_WHAT YOU SHOULD DO_
The following listing has lines to check for the word "ezdxf"; give only the number of lines that contain it.

_DATASET EXTRACT_

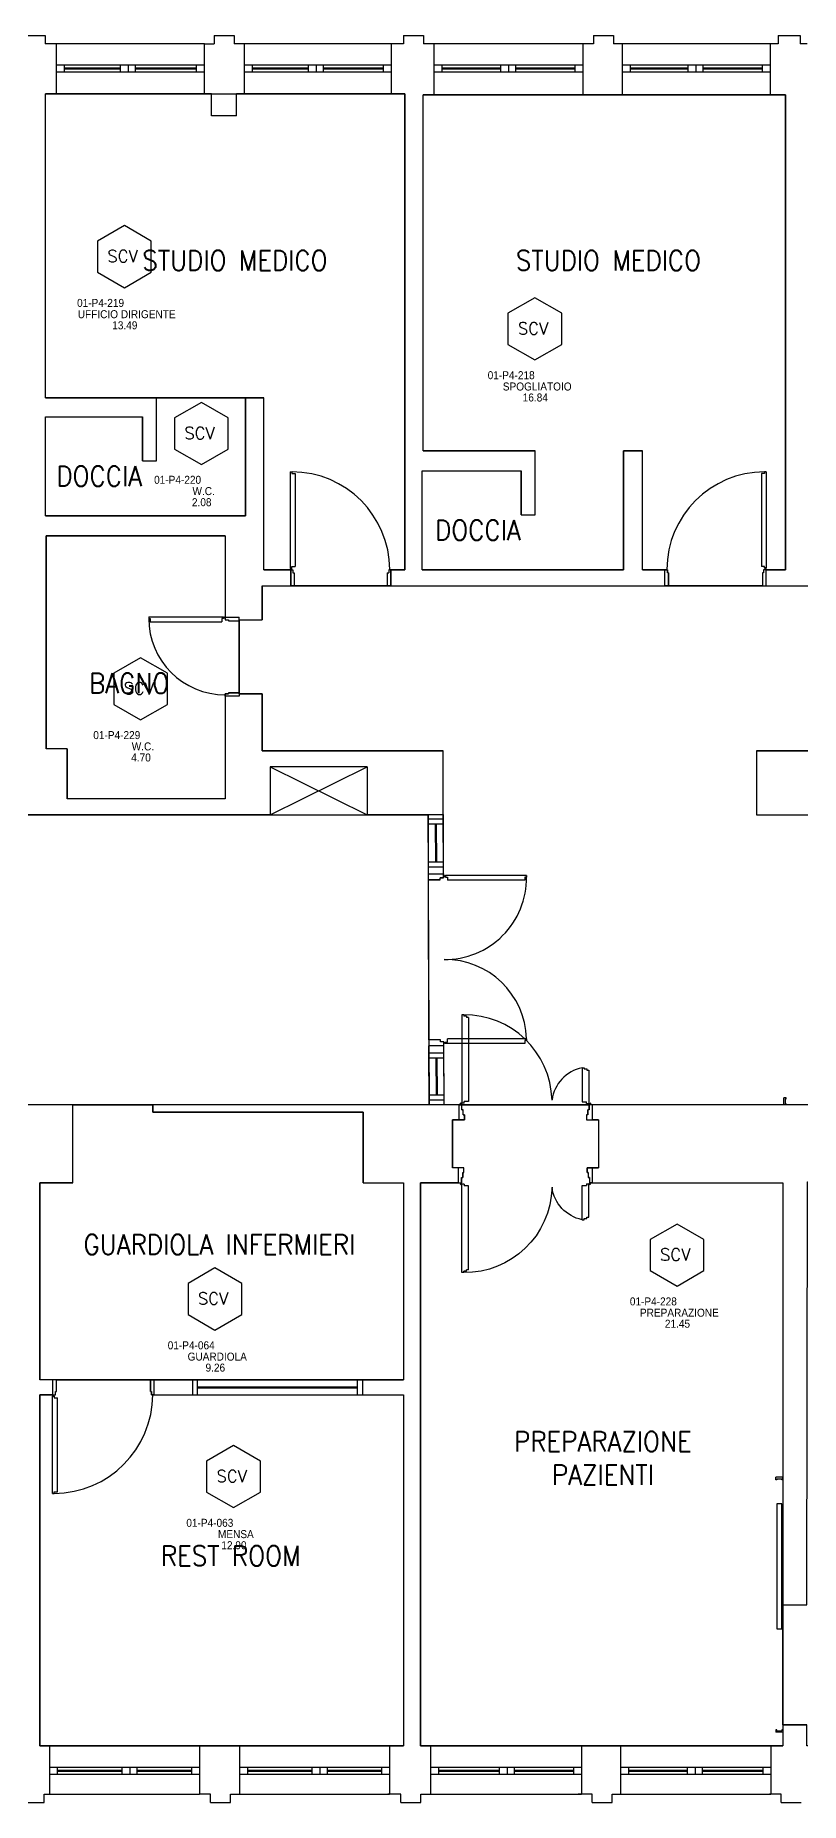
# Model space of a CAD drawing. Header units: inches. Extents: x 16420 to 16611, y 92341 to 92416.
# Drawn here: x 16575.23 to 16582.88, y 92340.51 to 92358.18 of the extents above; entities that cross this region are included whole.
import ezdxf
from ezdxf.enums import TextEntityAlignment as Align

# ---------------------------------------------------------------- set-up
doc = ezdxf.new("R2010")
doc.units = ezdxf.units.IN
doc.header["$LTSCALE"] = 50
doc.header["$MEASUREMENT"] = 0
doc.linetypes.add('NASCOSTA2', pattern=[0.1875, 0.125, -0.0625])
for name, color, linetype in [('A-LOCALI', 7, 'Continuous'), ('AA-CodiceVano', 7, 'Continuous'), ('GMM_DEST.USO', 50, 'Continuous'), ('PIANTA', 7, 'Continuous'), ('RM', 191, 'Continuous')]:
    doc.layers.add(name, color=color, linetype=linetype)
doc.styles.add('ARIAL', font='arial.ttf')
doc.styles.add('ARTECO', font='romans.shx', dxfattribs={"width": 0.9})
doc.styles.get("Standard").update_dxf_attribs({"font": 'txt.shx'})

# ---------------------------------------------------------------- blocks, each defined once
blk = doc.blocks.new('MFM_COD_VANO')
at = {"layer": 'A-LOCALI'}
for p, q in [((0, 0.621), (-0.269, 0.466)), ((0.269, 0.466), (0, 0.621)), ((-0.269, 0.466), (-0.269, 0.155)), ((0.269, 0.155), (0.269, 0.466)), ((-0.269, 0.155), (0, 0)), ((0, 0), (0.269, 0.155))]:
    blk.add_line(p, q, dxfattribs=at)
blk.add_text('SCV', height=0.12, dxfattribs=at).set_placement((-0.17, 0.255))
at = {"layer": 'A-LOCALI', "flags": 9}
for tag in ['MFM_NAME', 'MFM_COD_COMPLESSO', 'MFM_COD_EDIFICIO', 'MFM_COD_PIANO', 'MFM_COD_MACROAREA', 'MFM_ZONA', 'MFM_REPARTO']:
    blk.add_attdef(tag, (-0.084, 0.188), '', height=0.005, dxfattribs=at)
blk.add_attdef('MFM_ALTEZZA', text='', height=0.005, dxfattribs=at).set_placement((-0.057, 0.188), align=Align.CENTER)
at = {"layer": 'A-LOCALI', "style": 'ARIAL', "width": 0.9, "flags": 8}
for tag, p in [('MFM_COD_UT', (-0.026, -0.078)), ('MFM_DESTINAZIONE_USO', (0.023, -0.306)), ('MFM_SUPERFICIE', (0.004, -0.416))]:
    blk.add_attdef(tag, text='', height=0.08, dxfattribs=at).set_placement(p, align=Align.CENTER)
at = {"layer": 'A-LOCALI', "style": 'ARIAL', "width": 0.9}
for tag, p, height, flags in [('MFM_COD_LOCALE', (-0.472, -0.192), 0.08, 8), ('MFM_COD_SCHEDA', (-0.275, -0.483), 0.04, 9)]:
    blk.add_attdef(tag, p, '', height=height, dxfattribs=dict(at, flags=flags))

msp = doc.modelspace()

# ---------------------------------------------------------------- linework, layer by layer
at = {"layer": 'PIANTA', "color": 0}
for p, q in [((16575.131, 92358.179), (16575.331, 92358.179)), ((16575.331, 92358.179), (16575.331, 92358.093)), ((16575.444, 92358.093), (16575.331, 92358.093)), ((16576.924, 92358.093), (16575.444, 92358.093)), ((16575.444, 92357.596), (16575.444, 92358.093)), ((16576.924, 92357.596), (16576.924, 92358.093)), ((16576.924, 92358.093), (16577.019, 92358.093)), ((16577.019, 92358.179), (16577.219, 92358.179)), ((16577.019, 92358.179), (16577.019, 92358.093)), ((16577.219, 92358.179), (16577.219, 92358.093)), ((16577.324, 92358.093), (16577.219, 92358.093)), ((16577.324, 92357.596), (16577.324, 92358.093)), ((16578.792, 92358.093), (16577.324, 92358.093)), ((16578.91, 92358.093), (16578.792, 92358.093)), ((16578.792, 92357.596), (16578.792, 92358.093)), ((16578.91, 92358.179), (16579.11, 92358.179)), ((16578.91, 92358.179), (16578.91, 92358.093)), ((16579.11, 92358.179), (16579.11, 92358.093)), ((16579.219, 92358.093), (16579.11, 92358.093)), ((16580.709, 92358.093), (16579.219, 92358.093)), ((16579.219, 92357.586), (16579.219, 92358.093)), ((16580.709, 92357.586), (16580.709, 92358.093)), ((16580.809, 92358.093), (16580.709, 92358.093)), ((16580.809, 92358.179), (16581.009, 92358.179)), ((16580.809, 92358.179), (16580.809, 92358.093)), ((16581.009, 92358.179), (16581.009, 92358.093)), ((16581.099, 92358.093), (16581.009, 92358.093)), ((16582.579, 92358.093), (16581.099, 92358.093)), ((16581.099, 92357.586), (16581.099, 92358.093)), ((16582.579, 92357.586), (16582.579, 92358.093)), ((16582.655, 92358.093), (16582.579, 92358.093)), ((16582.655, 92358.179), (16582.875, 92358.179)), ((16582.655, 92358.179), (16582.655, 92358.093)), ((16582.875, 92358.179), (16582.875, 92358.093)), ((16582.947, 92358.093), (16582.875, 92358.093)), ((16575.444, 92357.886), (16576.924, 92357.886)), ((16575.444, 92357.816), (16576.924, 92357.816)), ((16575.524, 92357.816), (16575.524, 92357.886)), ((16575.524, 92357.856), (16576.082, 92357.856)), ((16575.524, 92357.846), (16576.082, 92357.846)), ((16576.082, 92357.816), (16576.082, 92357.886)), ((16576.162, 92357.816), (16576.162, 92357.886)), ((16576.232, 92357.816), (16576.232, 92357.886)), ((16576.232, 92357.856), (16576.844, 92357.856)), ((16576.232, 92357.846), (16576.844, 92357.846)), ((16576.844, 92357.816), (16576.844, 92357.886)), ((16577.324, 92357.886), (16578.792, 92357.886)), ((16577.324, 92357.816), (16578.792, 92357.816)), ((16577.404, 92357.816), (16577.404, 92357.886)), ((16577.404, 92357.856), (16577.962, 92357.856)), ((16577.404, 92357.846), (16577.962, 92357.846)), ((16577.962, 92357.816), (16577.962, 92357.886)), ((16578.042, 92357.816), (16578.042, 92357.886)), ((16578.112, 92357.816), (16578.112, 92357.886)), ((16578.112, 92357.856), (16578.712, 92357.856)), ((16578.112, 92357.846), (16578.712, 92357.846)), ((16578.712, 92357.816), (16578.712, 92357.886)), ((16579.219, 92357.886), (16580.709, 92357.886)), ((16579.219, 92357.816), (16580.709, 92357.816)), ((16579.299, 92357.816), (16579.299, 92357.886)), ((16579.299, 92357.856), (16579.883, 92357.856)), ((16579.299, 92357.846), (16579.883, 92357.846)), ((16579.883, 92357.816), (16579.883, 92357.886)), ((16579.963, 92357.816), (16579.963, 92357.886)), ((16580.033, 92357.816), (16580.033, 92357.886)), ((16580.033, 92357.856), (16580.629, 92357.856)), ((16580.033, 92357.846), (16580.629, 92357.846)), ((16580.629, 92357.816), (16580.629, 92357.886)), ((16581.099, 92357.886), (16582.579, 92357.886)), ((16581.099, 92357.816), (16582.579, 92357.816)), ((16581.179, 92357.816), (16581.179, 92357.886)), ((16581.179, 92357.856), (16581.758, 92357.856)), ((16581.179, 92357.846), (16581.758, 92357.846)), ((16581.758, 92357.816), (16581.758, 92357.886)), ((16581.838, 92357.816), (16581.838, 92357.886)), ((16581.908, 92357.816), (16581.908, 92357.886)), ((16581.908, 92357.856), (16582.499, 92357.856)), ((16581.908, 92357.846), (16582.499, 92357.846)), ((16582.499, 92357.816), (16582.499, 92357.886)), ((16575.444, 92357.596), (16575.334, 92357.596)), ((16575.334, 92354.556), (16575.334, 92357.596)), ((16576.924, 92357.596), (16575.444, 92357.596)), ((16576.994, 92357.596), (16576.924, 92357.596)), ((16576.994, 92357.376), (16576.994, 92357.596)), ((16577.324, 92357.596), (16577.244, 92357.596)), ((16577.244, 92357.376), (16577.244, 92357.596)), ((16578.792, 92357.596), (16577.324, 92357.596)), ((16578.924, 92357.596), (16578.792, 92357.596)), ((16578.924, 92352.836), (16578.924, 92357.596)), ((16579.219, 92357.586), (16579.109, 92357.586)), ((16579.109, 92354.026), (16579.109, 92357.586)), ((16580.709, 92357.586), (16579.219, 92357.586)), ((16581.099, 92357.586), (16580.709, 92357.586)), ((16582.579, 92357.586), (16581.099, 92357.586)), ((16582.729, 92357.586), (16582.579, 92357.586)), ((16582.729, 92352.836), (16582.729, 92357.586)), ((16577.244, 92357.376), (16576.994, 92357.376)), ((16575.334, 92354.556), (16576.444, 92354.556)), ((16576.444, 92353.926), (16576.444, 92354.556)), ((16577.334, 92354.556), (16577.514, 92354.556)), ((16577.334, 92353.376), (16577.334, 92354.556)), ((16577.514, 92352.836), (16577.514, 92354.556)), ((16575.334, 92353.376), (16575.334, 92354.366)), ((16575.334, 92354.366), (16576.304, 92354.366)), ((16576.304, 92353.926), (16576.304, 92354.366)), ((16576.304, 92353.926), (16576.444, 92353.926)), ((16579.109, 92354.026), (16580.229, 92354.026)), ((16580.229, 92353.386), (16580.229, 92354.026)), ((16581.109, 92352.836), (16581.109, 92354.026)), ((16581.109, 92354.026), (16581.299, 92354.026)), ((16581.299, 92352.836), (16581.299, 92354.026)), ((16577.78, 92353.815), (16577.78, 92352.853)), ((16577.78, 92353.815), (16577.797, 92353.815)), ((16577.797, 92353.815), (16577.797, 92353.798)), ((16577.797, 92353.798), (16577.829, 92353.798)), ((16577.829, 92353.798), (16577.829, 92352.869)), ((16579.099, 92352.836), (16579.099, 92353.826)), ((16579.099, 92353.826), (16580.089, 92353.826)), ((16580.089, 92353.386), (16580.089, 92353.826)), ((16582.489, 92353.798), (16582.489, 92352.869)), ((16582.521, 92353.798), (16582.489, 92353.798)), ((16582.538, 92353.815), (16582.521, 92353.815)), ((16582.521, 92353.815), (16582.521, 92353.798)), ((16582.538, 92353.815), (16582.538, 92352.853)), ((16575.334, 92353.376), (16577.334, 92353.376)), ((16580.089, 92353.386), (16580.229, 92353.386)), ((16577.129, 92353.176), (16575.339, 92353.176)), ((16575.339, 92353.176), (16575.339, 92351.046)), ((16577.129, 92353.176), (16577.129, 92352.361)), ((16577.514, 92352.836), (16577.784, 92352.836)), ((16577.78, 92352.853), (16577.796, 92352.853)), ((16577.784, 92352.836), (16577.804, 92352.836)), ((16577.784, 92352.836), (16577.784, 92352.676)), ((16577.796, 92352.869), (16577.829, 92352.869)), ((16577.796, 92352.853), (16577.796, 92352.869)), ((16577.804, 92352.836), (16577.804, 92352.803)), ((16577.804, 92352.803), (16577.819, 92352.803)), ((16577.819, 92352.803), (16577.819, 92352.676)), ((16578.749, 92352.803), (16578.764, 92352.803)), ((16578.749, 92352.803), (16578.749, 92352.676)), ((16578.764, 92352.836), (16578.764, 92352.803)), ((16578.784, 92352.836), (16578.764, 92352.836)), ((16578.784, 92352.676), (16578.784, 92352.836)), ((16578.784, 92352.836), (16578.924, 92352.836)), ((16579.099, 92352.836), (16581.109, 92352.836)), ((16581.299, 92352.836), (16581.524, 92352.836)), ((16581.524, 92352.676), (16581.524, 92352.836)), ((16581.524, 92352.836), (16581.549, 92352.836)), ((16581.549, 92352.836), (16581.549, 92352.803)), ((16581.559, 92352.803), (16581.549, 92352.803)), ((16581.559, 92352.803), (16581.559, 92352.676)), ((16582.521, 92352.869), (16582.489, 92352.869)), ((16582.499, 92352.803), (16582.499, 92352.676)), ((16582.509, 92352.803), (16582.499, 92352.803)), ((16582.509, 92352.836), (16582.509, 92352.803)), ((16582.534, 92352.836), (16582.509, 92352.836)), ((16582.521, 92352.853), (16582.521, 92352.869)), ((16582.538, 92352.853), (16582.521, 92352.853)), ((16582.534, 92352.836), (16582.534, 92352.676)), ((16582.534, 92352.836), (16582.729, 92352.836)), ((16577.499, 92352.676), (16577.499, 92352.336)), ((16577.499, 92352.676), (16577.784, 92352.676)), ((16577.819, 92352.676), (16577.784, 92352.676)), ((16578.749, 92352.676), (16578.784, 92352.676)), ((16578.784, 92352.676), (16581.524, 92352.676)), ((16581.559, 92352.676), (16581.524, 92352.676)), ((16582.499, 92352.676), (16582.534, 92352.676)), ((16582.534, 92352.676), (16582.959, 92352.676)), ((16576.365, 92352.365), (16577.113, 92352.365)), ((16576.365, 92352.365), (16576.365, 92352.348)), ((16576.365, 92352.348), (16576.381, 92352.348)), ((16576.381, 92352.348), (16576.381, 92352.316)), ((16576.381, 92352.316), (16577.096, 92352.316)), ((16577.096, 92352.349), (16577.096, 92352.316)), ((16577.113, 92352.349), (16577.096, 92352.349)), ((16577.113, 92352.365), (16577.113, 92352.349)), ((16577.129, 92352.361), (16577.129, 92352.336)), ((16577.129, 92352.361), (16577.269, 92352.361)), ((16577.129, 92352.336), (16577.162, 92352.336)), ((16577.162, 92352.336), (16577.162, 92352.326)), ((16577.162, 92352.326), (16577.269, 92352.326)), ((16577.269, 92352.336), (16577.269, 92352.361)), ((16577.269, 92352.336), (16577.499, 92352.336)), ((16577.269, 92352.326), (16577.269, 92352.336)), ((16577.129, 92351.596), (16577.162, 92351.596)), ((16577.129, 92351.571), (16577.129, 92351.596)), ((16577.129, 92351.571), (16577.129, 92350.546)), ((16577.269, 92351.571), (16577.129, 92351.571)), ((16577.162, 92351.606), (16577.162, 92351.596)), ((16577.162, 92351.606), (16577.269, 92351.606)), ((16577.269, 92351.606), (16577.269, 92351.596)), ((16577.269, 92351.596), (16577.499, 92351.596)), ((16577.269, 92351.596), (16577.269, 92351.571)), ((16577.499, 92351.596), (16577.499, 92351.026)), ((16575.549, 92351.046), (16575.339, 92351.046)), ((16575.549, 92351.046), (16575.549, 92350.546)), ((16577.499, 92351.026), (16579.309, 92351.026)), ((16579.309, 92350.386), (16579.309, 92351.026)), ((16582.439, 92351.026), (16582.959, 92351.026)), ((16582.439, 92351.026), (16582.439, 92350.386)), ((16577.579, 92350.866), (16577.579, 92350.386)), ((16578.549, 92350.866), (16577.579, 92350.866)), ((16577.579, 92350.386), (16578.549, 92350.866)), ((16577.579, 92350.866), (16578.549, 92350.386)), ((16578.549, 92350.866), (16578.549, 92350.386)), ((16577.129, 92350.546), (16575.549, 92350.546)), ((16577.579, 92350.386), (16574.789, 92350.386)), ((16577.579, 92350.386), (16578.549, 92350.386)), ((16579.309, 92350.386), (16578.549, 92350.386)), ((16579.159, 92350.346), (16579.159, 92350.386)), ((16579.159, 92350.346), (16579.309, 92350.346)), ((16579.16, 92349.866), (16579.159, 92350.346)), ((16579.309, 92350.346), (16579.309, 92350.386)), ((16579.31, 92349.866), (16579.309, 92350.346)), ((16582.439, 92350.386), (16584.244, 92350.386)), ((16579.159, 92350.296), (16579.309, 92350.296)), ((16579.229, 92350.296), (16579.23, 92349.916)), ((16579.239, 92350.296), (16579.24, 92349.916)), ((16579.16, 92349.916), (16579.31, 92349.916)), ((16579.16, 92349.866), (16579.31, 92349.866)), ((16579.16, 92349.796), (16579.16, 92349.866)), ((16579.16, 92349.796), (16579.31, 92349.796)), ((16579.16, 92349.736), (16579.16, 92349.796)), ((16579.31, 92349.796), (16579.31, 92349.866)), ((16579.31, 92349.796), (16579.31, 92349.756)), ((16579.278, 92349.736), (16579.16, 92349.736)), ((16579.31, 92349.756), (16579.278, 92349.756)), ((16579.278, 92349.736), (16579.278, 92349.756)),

_ANSWER SPACE_
4